::: SUPPLIED RECORDS

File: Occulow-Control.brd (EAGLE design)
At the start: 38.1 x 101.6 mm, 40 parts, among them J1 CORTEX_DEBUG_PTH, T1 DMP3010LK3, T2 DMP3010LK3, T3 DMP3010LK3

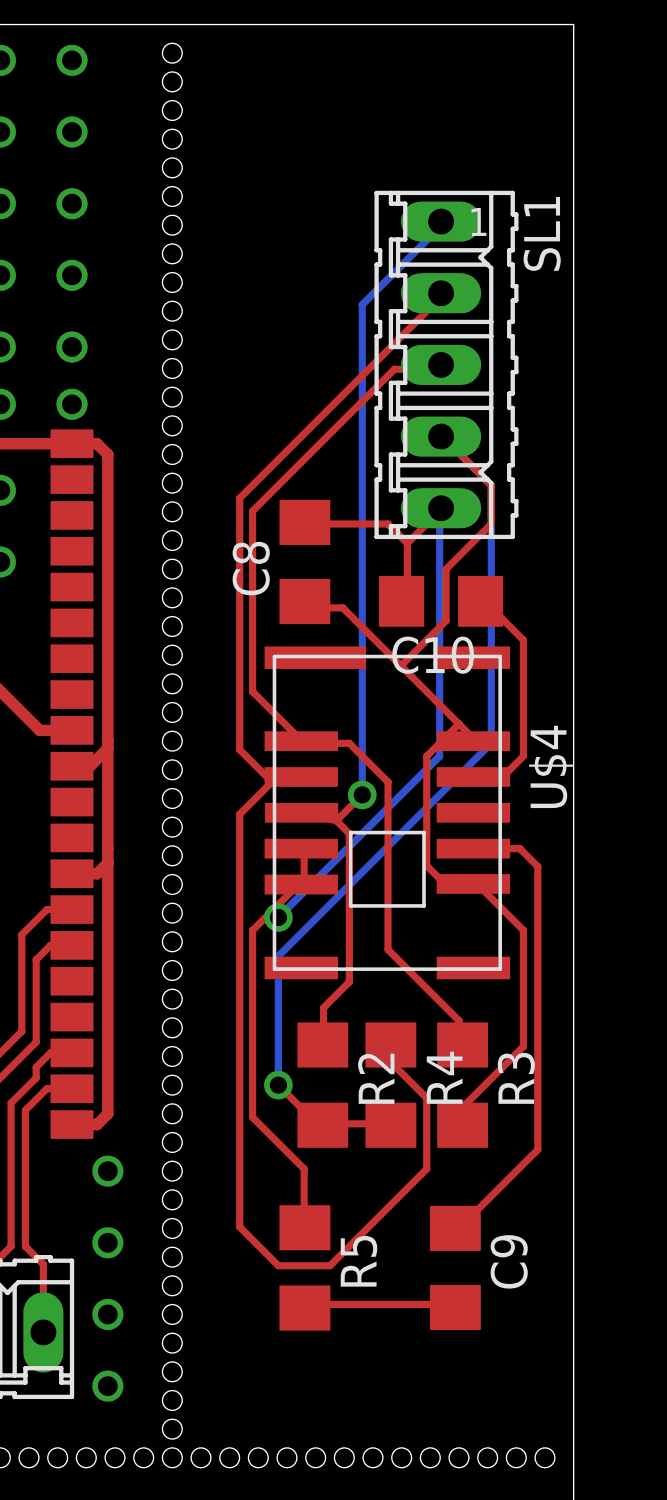
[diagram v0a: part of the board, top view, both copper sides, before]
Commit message: Attempted to slim down grideye board
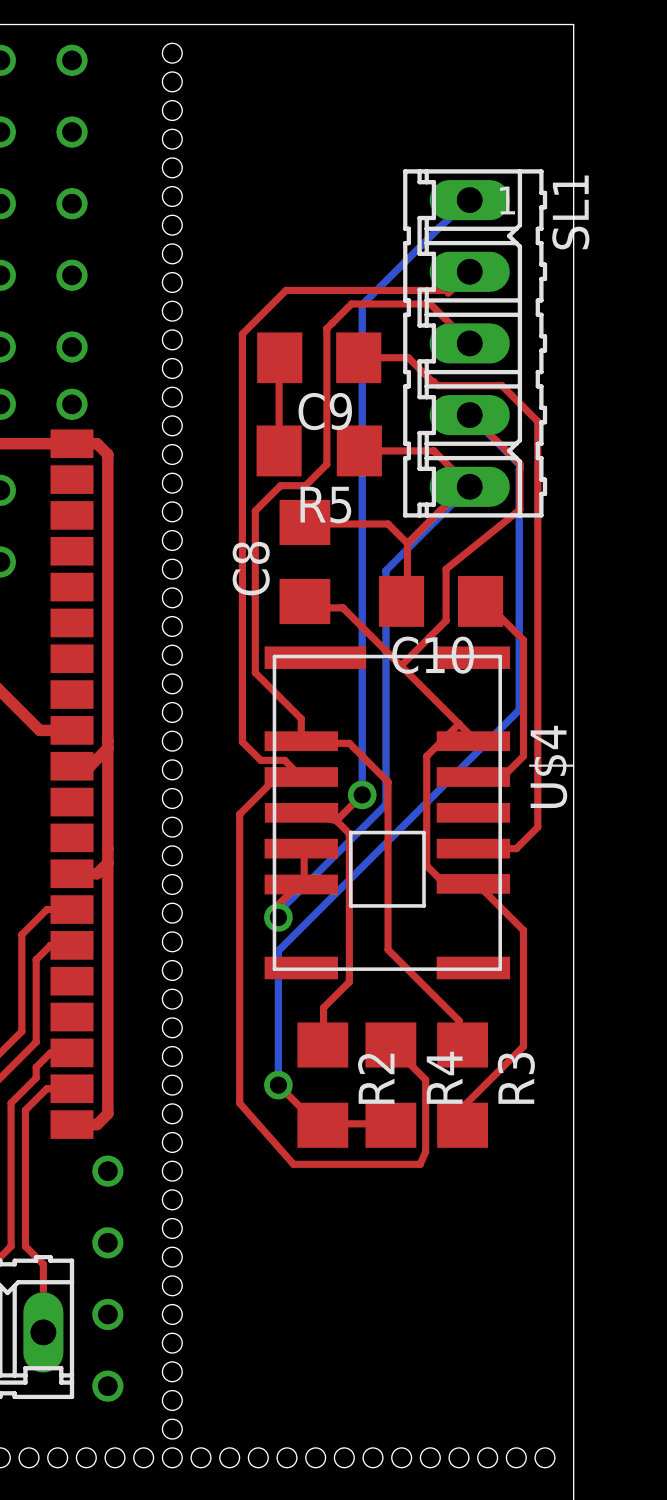
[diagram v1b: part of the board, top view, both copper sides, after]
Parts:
- moved C9 32.6 mm to (29.1, 89.8), turned to 180 degrees
- moved R5 29.0 mm to (29.1, 86.5), turned to 180 degrees
- moved SL1 1.27 mm to (34.4, 90.3)
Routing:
- net N$2: track 16.7 -> 24.3 mm
- net GR_SDA: track 31.8 -> 37.2 mm
- net GR_GND: track 40.1 -> 36.1 mm
- net GR_VCC: track 67.5 -> 70.6 mm
- net N$3: track 5.41 -> 3.31 mm
- net GR_INT: track 33.9 -> 35.1 mm
- net GR_SCL: track 52.7 -> 53.3 mm

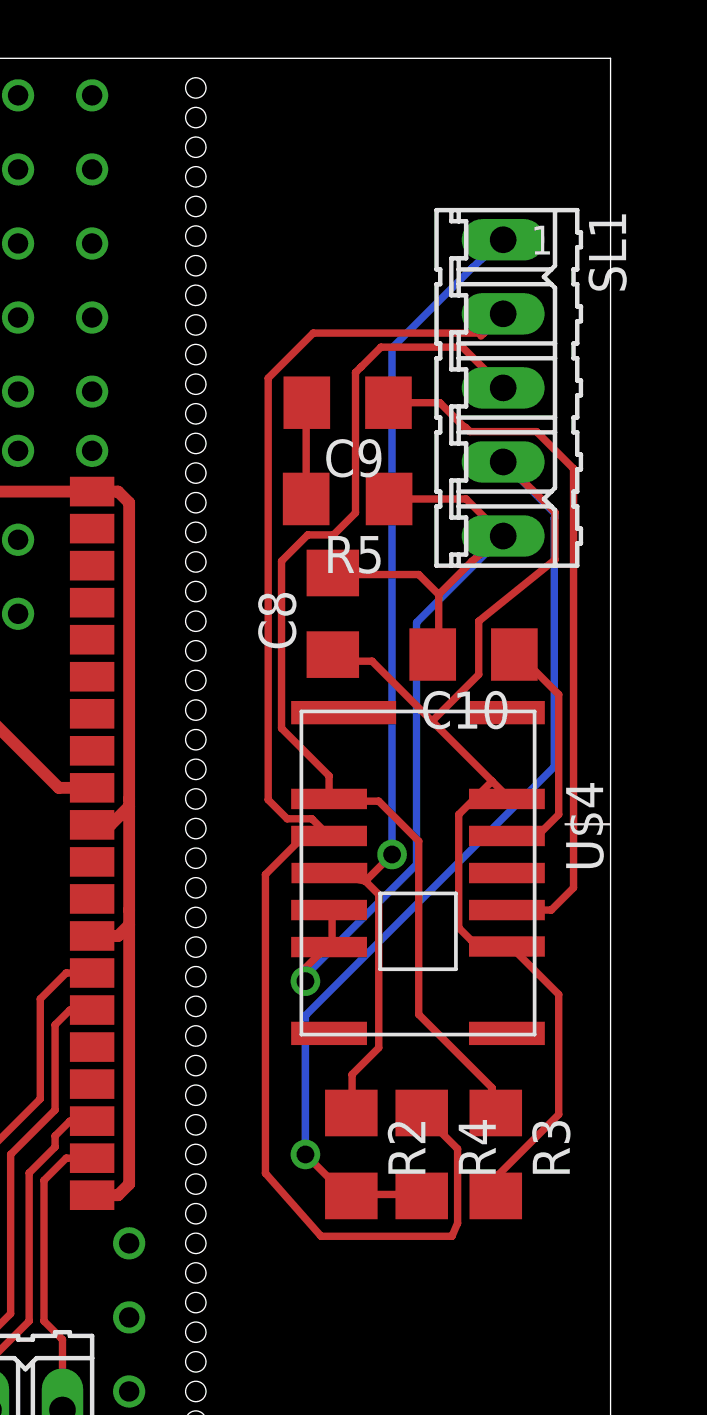
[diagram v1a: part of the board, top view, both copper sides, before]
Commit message: Moved grideye to the top, added more perforation holes
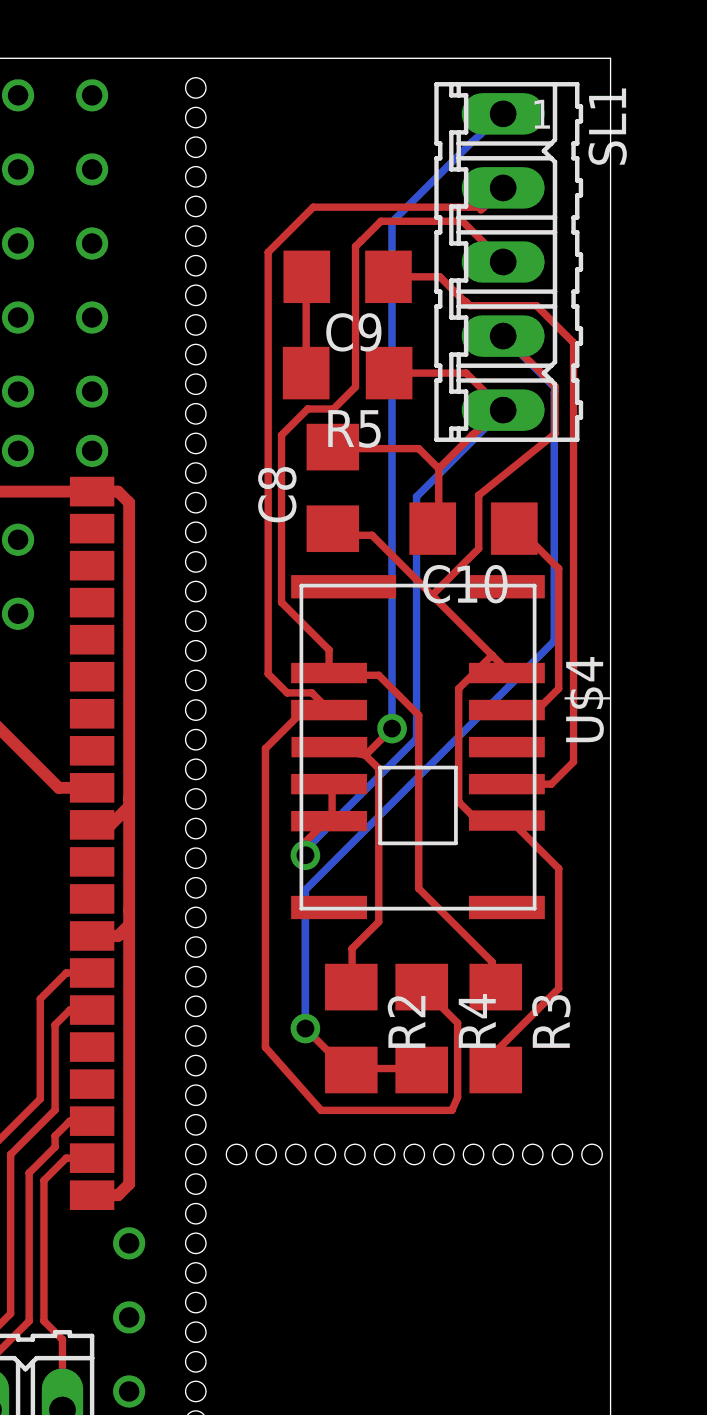
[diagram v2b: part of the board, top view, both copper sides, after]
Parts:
- moved R5 4.32 mm to (29.1, 90.8)
- moved C10 4.32 mm to (33.4, 85.5)
- moved C8 4.32 mm to (28.6, 86.9)
- moved C9 4.32 mm to (29.1, 94.1)
- moved R2 4.32 mm to (29.2, 68.3)
- moved R3 4.32 mm to (34.2, 68.3)
- moved R4 4.32 mm to (31.6, 68.3)
- moved SL1 4.32 mm to (34.4, 94.6)
- moved U$4 4.32 mm to (31.5, 78.0)

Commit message: Ground plane
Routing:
- net LR_GND: track 119.3 -> 1.36 mm, vias 0 -> 53
- added copper zone on layer 1, net LR_GND
- added copper zone on layer 16, net LR_GND

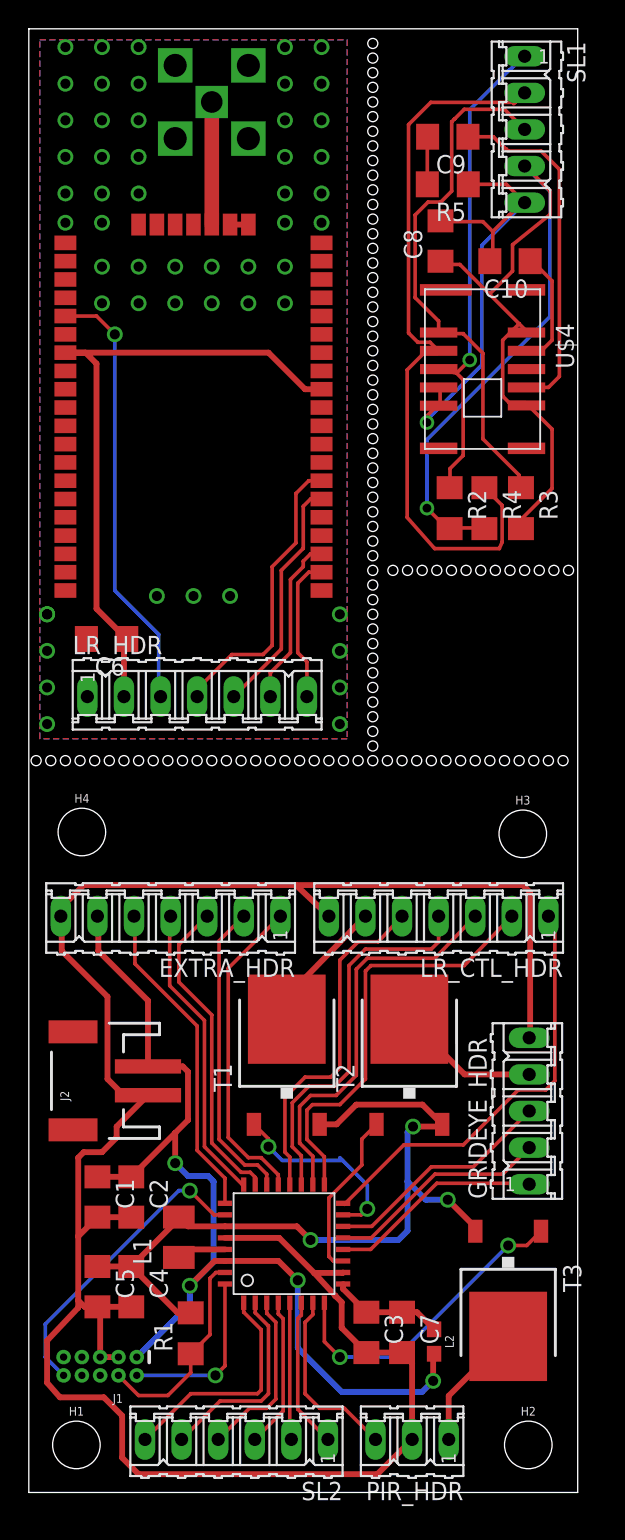
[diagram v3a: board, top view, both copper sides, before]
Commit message: Labels for most headers, moved some ground vias
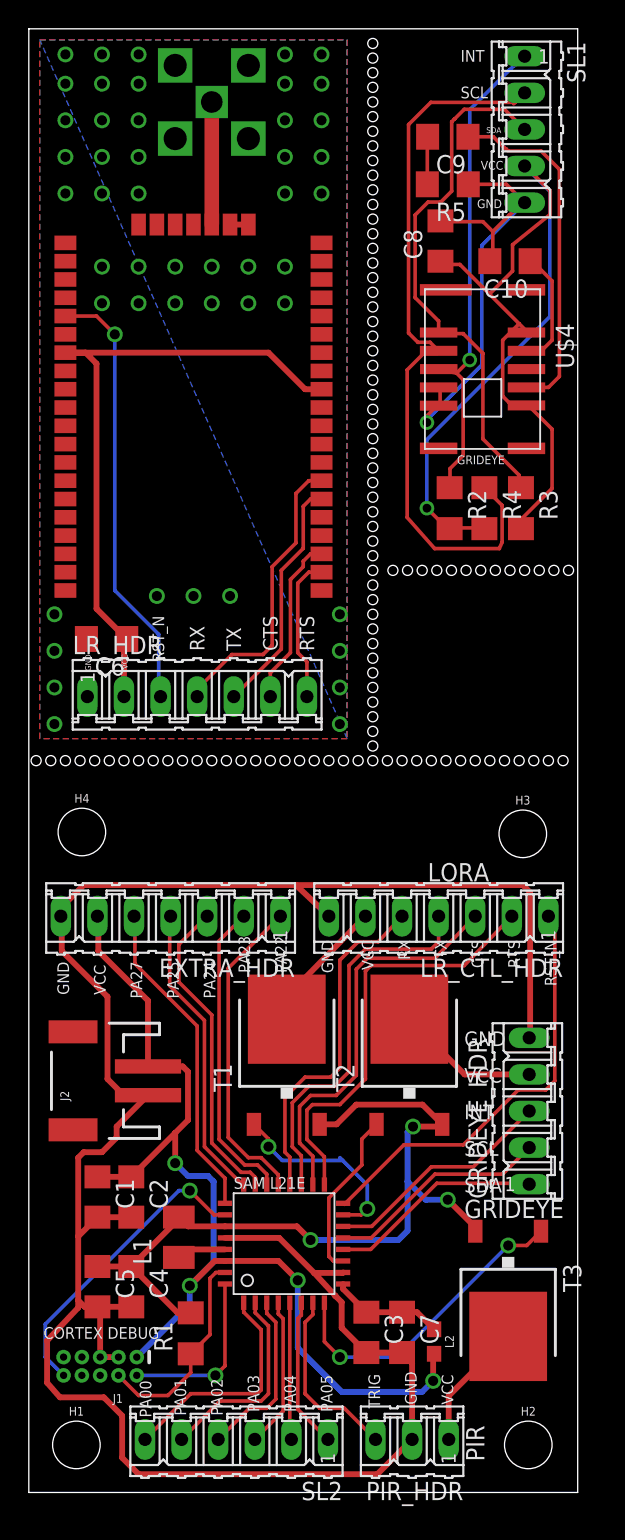
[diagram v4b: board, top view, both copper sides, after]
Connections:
- net LR_GND renamed N!!
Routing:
- net N!!: vias 53 -> 48
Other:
- board text added: "CORTEX DEBUG"
- board text added: "CTS"
- board text added: "GND"
- board text added: "GRIDEYE"
- board text added: "INT"
- board text added: "LORA"
- board text added: "PA00"
- board text added: "PA01"
- board text added: "PA02"
- board text added: "PA03"
- board text added: "PA04"
- board text added: "PA05"
- board text added: "PA22"
- board text added: "PA23"
- board text added: "PA24"
- board text added: "PA25"
- board text added: "PA27"
- board text added: "PIR"
- board text added: "RST_N"
- board text added: "RTS"
- board text added: "RX"
- board text added: "SAM L21E"
- board text added: "SCL"
- board text added: "SDA"
- board text added: "TRIG"
- board text added: "TX"
- board text added: "VCC"
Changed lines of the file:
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@@
 <?xml version="1.0" encoding="utf-8"?>
 <!DOCTYPE eagle SYSTEM "eagle.dtd">
-<eagle version="8.1.0">
+<eagle version="8.0.2">
 <drawing>
 <settings>
@@
 <hole x="36.449" y="64.008" drill="0.7"/>
 <hole x="37.465" y="64.008" drill="0.7"/>
+<text x="30.226" y="30.988" size="1.016" layer="21">GND</text>
+<text x="30.226" y="28.448" size="1.016" layer="21">VCC</text>
+<text x="30.226" y="25.908" size="1.016" layer="21">INT</text>
+<text x="30.226" y="23.368" size="1.016" layer="21">SCL</text>
+<text x="30.226" y="20.828" size="1.016" layer="21">SDA</text>
+<text x="30.226" y="19.05" size="1.27" layer="21">GRIDEYE</text>
+<text x="24.384" y="5.842" size="0.8128" layer="21" rot="R90">TRIG</text>
+<text x="26.924" y="6.096" size="0.8128" layer="21" rot="R90">GND</text>
+<text x="29.464" y="6.096" size="0.8128" layer="21" rot="R90">VCC</text>
+<text x="31.623" y="2.159" size="1.27" layer="21" rot="R90">PIR</text>
+<text x="8.509" y="5.207" size="0.8128" layer="21" rot="R90">PA00</text>
+<text x="10.922" y="5.334" size="0.8128" layer="21" rot="R90">PA01</text>
+<text x="13.462" y="5.334" size="0.8128" layer="21" rot="R90">PA02</text>
+<text x="16.002" y="5.588" size="0.8128" layer="21" rot="R90">PA03</text>
+<text x="18.542" y="5.588" size="0.8128" layer="21" rot="R90">PA04</text>
+<text x="21.082" y="5.588" size="0.8128" layer="21" rot="R90">PA05</text>
+<text x="1.016" y="10.668" size="0.8128" layer="21">CORTEX DEBUG</text>
+<text x="20.32" y="38.354" size="0.8128" layer="21" rot="R270">GND</text>
+<text x="23.114" y="38.354" size="0.8128" layer="21" rot="R270">VCC</text>
+<text x="25.654" y="38.354" size="0.8128" layer="21" rot="R270">RX</text>
+<text x="28.194" y="38.354" size="0.8128" layer="21" rot="R270">TX</text>
+<text x="30.734" y="38.354" size="0.8128" layer="21" rot="R270">CTS</text>
+<text x="33.274" y="38.354" size="0.8128" layer="21" rot="R270">RTS</text>
+<text x="35.814" y="38.354" size="0.8128" layer="21" rot="R270">RST_N</text>
+<text x="27.686" y="42.418" size="1.27" layer="21">LORA</text>
+<text x="2.794" y="34.544" size="0.8128" layer="21" rot="R90">GND</text>
+<text x="5.334" y="34.544" size="0.8128" layer="21" rot="R90">VCC</text>
+<text x="7.874" y="34.29" size="0.8128" layer="21" rot="R90">PA27</text>
+<text x="10.414" y="34.29" size="0.8128" layer="21" rot="R90">PA25</text>
+<text x="12.954" y="34.29" size="0.8128" layer="21" rot="R90">PA24</text>
+<text x="15.367" y="36.068" size="0.8128" layer="21" rot="R90">PA23</text>
+<text x="17.907" y="36.068" size="0.8128" layer="21" rot="R90">PA22</text>
+<text x="14.224" y="21.082" size="0.8128" layer="21">SAM L21E</text>
+<text x="29.972" y="99.314" size="0.8128" layer="21">INT</text>
+<text x="29.972" y="96.774" size="0.8128" layer="21">SCL</text>
+<text x="31.75" y="94.361" size="0.4064" layer="21">SDA</text>
+<text x="31.369" y="91.821" size="0.6096" layer="21">VCC</text>
+<text x="31.115" y="89.154" size="0.6096" layer="21">GND</text>
+<text x="29.718" y="71.374" size="0.6096" layer="21">GRIDEYE</text>
+<text x="19.812" y="58.42" size="1.016" layer="21" rot="R90">RTS</text>
+<text x="17.272" y="58.42" size="1.016" layer="21" rot="R90">CTS</text>
+<text x="14.732" y="58.42" size="1.016" layer="21" rot="R90">TX</text>
+<text x="12.192" y="58.42" size="1.016" layer="21" rot="R90">RX</text>
+<text x="9.398" y="57.658" size="0.8128" layer="21" rot="R90">RST_N</text>
+<text x="6.858" y="57.15" size="0.4064" layer="21" rot="R90">VCC</text>
+<text x="4.318" y="57.023" size="0.4064" layer="21" rot="R90">GND</text>
 </plain>
 <attributes>
@@
 <wire x1="17.907" y1="34.417" x2="23.368" y2="40.005" width="0.4064" layer="1"/>
 </signal>
-<signal name="LR_GND">
+<signal name="N!!">
 <contactref element="U$2" pad="33"/>
 <contactref element="U$2" pad="41"/>
@@
 <vertex x="0.762" y="52.324"/>
 </polygon>
-<via x="2.54" y="100.33" extent="1-16" drill="0.7"/>
-<via x="7.62" y="100.33" extent="1-16" drill="0.7"/>
-<via x="5.08" y="100.33" extent="1-16" drill="0.7"/>
-<via x="17.78" y="100.33" extent="1-16" drill="0.7"/>
-<via x="20.32" y="100.33" extent="1-16" drill="0.7"/>
+<via x="2.54" y="99.822" extent="1-16" drill="0.7"/>
+<via x="7.62" y="99.822" extent="1-16" drill="0.7"/>
+<via x="5.08" y="99.822" extent="1-16" drill="0.7"/>
+<via x="17.78" y="99.822" extent="1-16" drill="0.7"/>
+<via x="20.32" y="99.822" extent="1-16" drill="0.7"/>
 <via x="20.32" y="97.79" extent="1-16" drill="0.7"/>
 <via x="17.78" y="97.79" extent="1-16" drill="0.7"/>
@@
 <via x="17.78" y="90.17" extent="1-16" drill="0.7"/>
 <via x="20.32" y="90.17" extent="1-16" drill="0.7"/>
-<via x="20.32" y="88.138" extent="1-16" drill="0.7"/>
-<via x="17.78" y="88.138" extent="1-16" drill="0.7"/>
 <via x="7.62" y="92.71" extent="1-16" drill="0.7"/>
 <via x="5.08" y="92.71" extent="1-16" drill="0.7"/>
@@
 <via x="5.08" y="90.17" extent="1-16" drill="0.7"/>
 <via x="7.62" y="90.17" extent="1-16" drill="0.7"/>
-<via x="5.08" y="88.138" extent="1-16" drill="0.7"/>
-<via x="2.54" y="88.138" extent="1-16" drill="0.7"/>
 <via x="5.08" y="85.09" extent="1-16" drill="0.7"/>
 <via x="7.62" y="85.09" extent="1-16" drill="0.7"/>
@@
 <via x="7.62" y="82.55" extent="1-16" drill="0.7"/>
 <via x="5.08" y="82.55" extent="1-16" drill="0.7"/>
-<via x="1.27" y="60.96" extent="1-16" drill="0.7"/>
-<via x="1.27" y="58.42" extent="1-16" drill="0.7"/>
-<via x="1.27" y="55.88" extent="1-16" drill="0.7"/>
-<via x="1.27" y="53.34" extent="1-16" drill="0.7"/>
+<via x="1.778" y="60.96" extent="1-16" drill="0.7"/>
+<via x="1.778" y="58.42" extent="1-16" drill="0.7"/>
+<via x="1.778" y="55.88" extent="1-16" drill="0.7"/>
+<via x="1.778" y="53.34" extent="1-16" drill="0.7"/>
 <via x="21.59" y="60.96" extent="1-16" drill="0.7"/>
 <via x="21.59" y="58.42" extent="1-16" drill="0.7"/>
 <via x="21.59" y="55.88" extent="1-16" drill="0.7"/>
 <via x="21.59" y="53.34" extent="1-16" drill="0.7"/>
-<wire x1="21.59" y1="55.88" x2="21.59" y2="53.34" width="0" layer="19" extent="1-1"/>
 <polygon width="0.4064" layer="16" isolate="0.3048">
 <vertex x="0.762" y="100.838"/>
 <vertex x="22.098" y="100.838"/>
 <vertex x="22.098" y="52.324"/>
-<vertex x="0.762" y="52.324"/>
 </polygon>
-<via x="1.27" y="60.96" extent="1-16" drill="0.7"/>
 <via x="8.89" y="62.23" extent="1-16" drill="0.7"/>
 <via x="11.43" y="62.23" extent="1-16" drill="0.7"/>

::::::

Wherever "sides" turns up in the records, copy the whole line.

[diagram v0a: part of the board, top view, both copper sides, before]
[diagram v1b: part of the board, top view, both copper sides, after]
[diagram v1a: part of the board, top view, both copper sides, before]
[diagram v2b: part of the board, top view, both copper sides, after]
[diagram v3a: board, top view, both copper sides, before]
[diagram v4b: board, top view, both copper sides, after]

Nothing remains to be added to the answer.